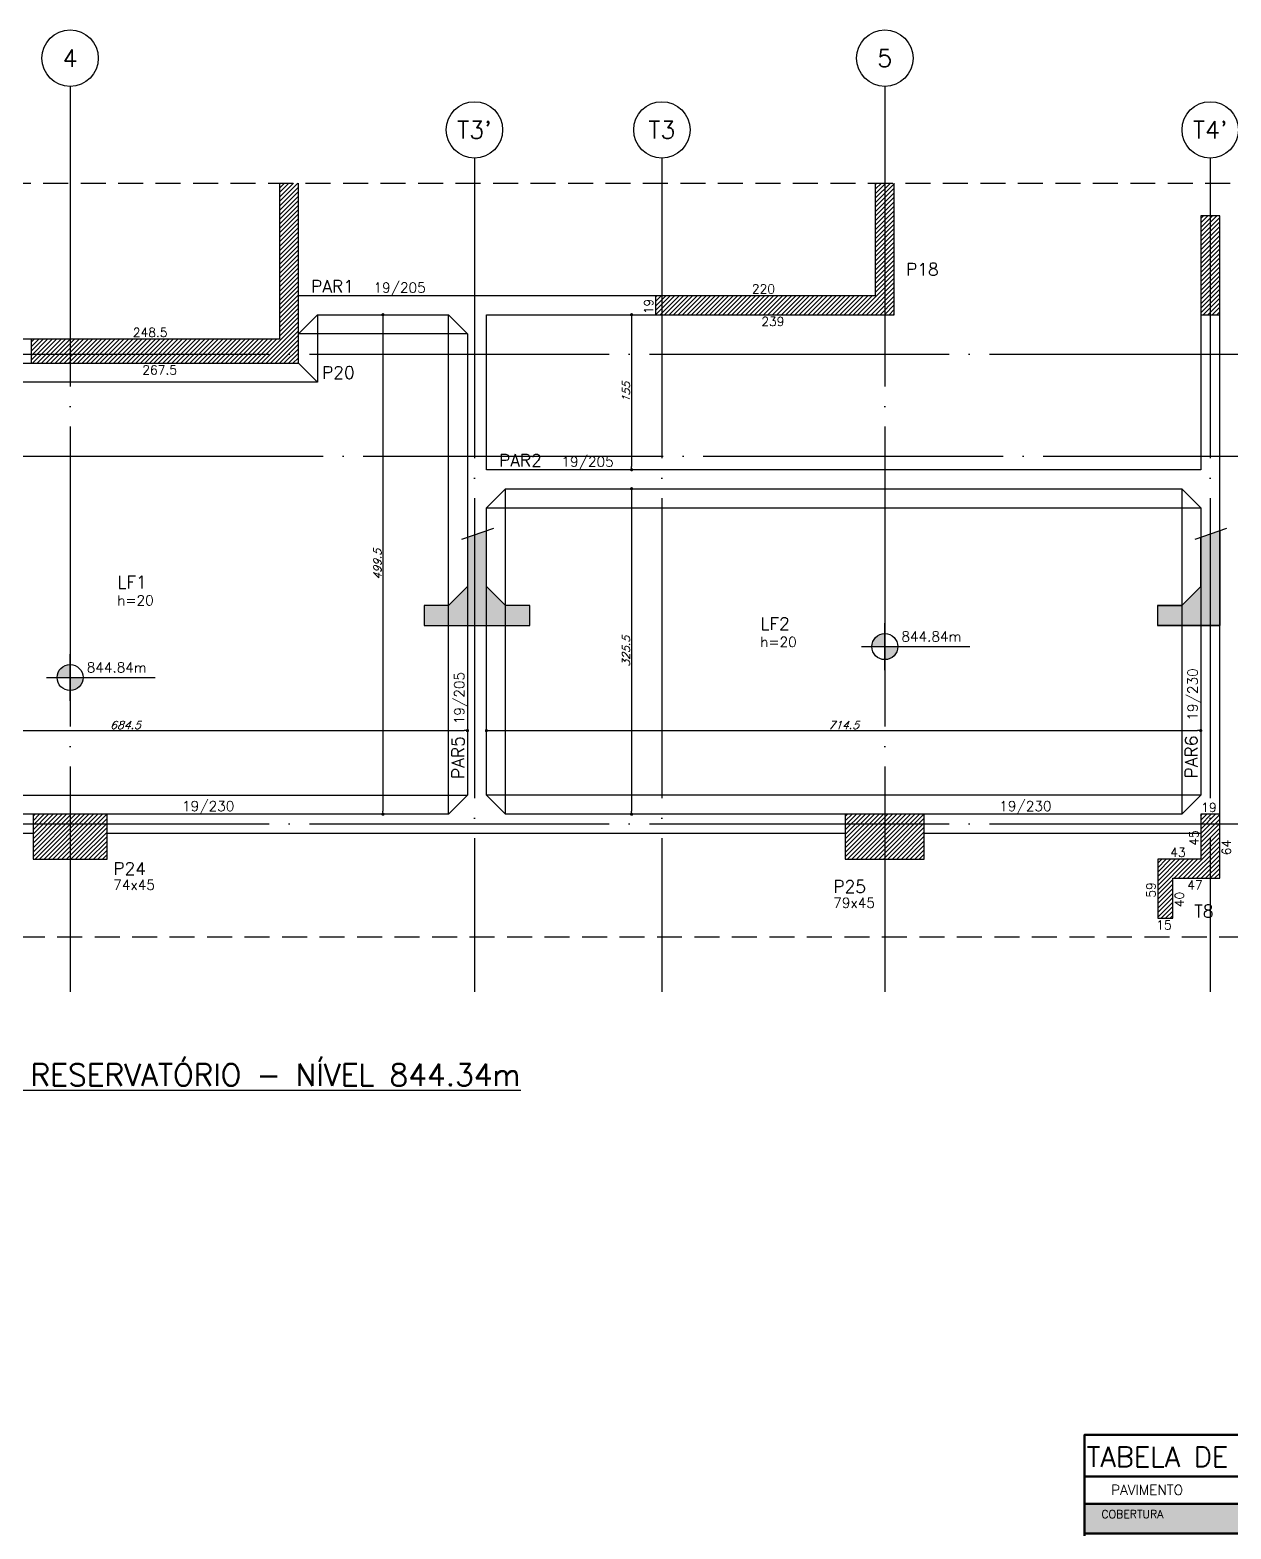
# Model space of a CAD drawing. Header units: millimetres. Extents: x -2404 to 6316, y -1750 to 2455.
# Drawn here: x 4000 to 5202, y -658 to 841 of the extents above; entities that cross this region are included whole.
import ezdxf
from ezdxf.enums import TextEntityAlignment as Align

# ---------------------------------------------------------------- set-up
doc = ezdxf.new("R2010")
doc.units = ezdxf.units.MM
doc.header["$LTSCALE"] = 50
doc.linetypes.add('DASHED', pattern=[0.75, 0.5, -0.25])
doc.linetypes.add('EIXO', pattern=[6.8, 6, -0.4, 0, -0.4])
doc.layers.add('ARQ-ANO-TXT', color=2, linetype='Continuous', lineweight=9)
doc.layers.add('ARQ-DET', color=1, linetype='Continuous', lineweight=9)
for name, color, linetype in [('F-AUX', 2, 'Continuous'), ('F-CORTE', 4, 'Continuous'), ('F-COTAS', 106, 'Continuous'), ('F-EIXO', 12, 'EIXO'), ('F-LAJES-DIM', 2, 'Continuous'), ('F-LAJES-NOME', 4, 'Continuous'), ('F-NÍVEL-PLANTA', 2, 'Continuous'), ('F-PILARES-DIM', 172, 'Continuous'), ('F-PILARES-HACH', 174, 'Continuous'), ('F-PILARES-NOME', 170, 'Continuous'), ('F-PILARES-S', 170, 'Continuous'), ('F-SOLIDO-CORTE', 71, 'Continuous'), ('F-TEXTO', 6, 'Continuous'), ('F-VIGAS', 3, 'Continuous'), ('F-VIGAS-DIM', 2, 'Continuous'), ('F-VIGAS-NOME', 4, 'Continuous')]:
    doc.layers.add(name, color=color, linetype=linetype)
doc.styles.add('CP-TEXT-INCL', font='romans.shx', dxfattribs={"oblique": 20})
doc.styles.add('MCP', font='romans.shx')
doc.styles.add('ROMANS', font='romans.shx')
doc.dimstyles.new('CP-COTAS-50', dxfattribs={"dimscale": 0.64, "dimtxt": 12.5, "dimasz": 5, "dimexe": 5, "dimexo": 5, "dimgap": 2.5, "dimtad": 1, "dimdec": 1, "dimdsep": 46, "dimtxsty": 'CP-TEXT-INCL', "dimblk1": 'DOT', "dimblk2": 'DOT', "dimsah": 1, "dimcen": 9, "dimclrd": 256, "dimclre": 256, "dimclrt": 256, "dimadec": 0, "dimazin": 0, "dimtfac": 1, "dimtdec": 1, "dimtmove": 2, "dimatfit": 3, "dimldrblk": 'DOT', "dimfxl": 0, "dimtolj": 1, "dimarcsym": 0})
pattern_1 = [(45, (-50, 531.506), (-2.245064, 2.245064), [])]

# ---------------------------------------------------------------- blocks, each defined once
blk = doc.blocks.new('*U39')
at = {"layer": 'F-EIXO'}
blk.add_line((0, 0), (1709.4, 0), dxfattribs=at)
at = {"layer": 'F-EIXO', "color": 2, "linetype": 'Continuous'}
blk.add_circle((-28.2, 0), 28.2, dxfattribs=at)
at = {"layer": 'F-TEXTO', "style": 'ROMANS'}
blk.add_attdef('EIXO', text='', height=17.5, dxfattribs=at).set_placement((-28.2, 0), align=Align.MIDDLE_CENTER)
blk = doc.blocks.new('*U24')
at = {"layer": 'F-EIXO'}
blk.add_line((0, 0), (1655.5, 0), dxfattribs=at)
at = {"layer": 'F-EIXO', "color": 2, "linetype": 'Continuous'}
blk.add_circle((-28.2, 0), 28.2, dxfattribs=at)
at = {"layer": 'F-TEXTO', "style": 'ROMANS'}
blk.add_attdef('EIXO', text='', height=17.5, dxfattribs=at).set_placement((-28.2, 0), align=Align.MIDDLE_CENTER)
blk = doc.blocks.new('*U37')
at = {"layer": 'F-EIXO'}
blk.add_line((0, 0), (0, -833.8), dxfattribs=at)
at = {"layer": 'F-EIXO', "color": 2, "linetype": 'Continuous'}
blk.add_circle((0, 28.2), 28.2, dxfattribs=at)
at = {"layer": 'F-TEXTO', "style": 'ROMANS'}
blk.add_attdef('EIXO', text='', height=17.5, rotation=360, dxfattribs=at).set_placement((0, 28.2), align=Align.MIDDLE_CENTER)
blk = doc.blocks.new('*U38')
at = {"layer": 'F-EIXO'}
blk.add_line((0, 0), (0, -905.5), dxfattribs=at)
at = {"layer": 'F-EIXO', "color": 2, "linetype": 'Continuous'}
blk.add_circle((0, 28.2), 28.2, dxfattribs=at)
at = {"layer": 'F-TEXTO', "style": 'ROMANS'}
blk.add_attdef('EIXO', text='', height=17.5, rotation=360, dxfattribs=at).set_placement((0, 28.2), align=Align.MIDDLE_CENTER)
blk = doc.blocks.new('Nível - Planta')
at = {"layer": 'F-NÍVEL-PLANTA'}
h = blk.add_hatch(color=71, dxfattribs=at)
h.paths.add_polyline_path([(0, 0), (0, 0.26, 0.414214), (-0.26, 0)])
h.paths.add_polyline_path([(0.26, 0), (0, 0), (0, -0.26, 0.414214)])
for p, q in [((0, -0.469), (0, 0.469)), ((-0.469, 0), (1.704, 0))]:
    blk.add_line(p, q, dxfattribs=at)
blk.add_circle((0, 0), 0.26, dxfattribs=at)
at = {"layer": 'F-TEXTO', "color": 3, "style": 'MCP'}
blk.add_attdef('NÍVEL', (0.333, 0.102), '', height=0.2, dxfattribs=at)
blk = doc.blocks.new('_DOT')
at = {"color": 0, "linetype": 'ByBlock'}
blk.add_line((-0.5, 0), (-1, 0), dxfattribs=at)
at = {"color": 0, "linetype": 'ByBlock', "const_width": 0.5}
blk.add_lwpolyline([(-0.25, 0, 1), (0.25, 0, 1)], format="xyb", close=True, dxfattribs=at)
blk = doc.blocks.new('*D31')
at = {"layer": 'DEFPOINTS', "color": 0, "transparency": 16777216}
for p in [(3753.5, 140.1), (4438, 140.1), (4438, 140.1)]:
    blk.add_point(p, dxfattribs=at)
at = {"layer": 'F-COTAS', "lineweight": -2, "transparency": 16777216}
blk.add_line((3756.7, 140.1), (4434.8, 140.1), dxfattribs=at)
at = {"layer": 'F-COTAS', "lineweight": -2, "transparency": 16777216, "xscale": 3.2, "yscale": 3.2, "zscale": 3.2, "rotation": 180}
blk.add_blockref('_DOT', (3753.5, 140.1), dxfattribs=at)
at = {"layer": 'F-COTAS', "lineweight": -2, "transparency": 16777216, "xscale": 3.2, "yscale": 3.2, "zscale": 3.2}
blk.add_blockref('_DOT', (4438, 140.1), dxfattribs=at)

**WORK TASK**
Emit the lines of the material exactly, from its first line to the line containing "color=1, linetype='Continuous', lineweight=9)", inclusive; leave every picture out.

**REPLY**
# Model space of a CAD drawing. Header units: millimetres. Extents: x -2404 to 6316, y -1750 to 2455.
# Drawn here: x 4000 to 5202, y -658 to 841 of the extents above; entities that cross this region are included whole.
import ezdxf
from ezdxf.enums import TextEntityAlignment as Align

# ---------------------------------------------------------------- set-up
doc = ezdxf.new("R2010")
doc.units = ezdxf.units.MM
doc.header["$LTSCALE"] = 50
doc.linetypes.add('DASHED', pattern=[0.75, 0.5, -0.25])
doc.linetypes.add('EIXO', pattern=[6.8, 6, -0.4, 0, -0.4])
doc.layers.add('ARQ-ANO-TXT', color=2, linetype='Continuous', lineweight=9)
doc.layers.add('ARQ-DET', color=1, linetype='Continuous', lineweight=9)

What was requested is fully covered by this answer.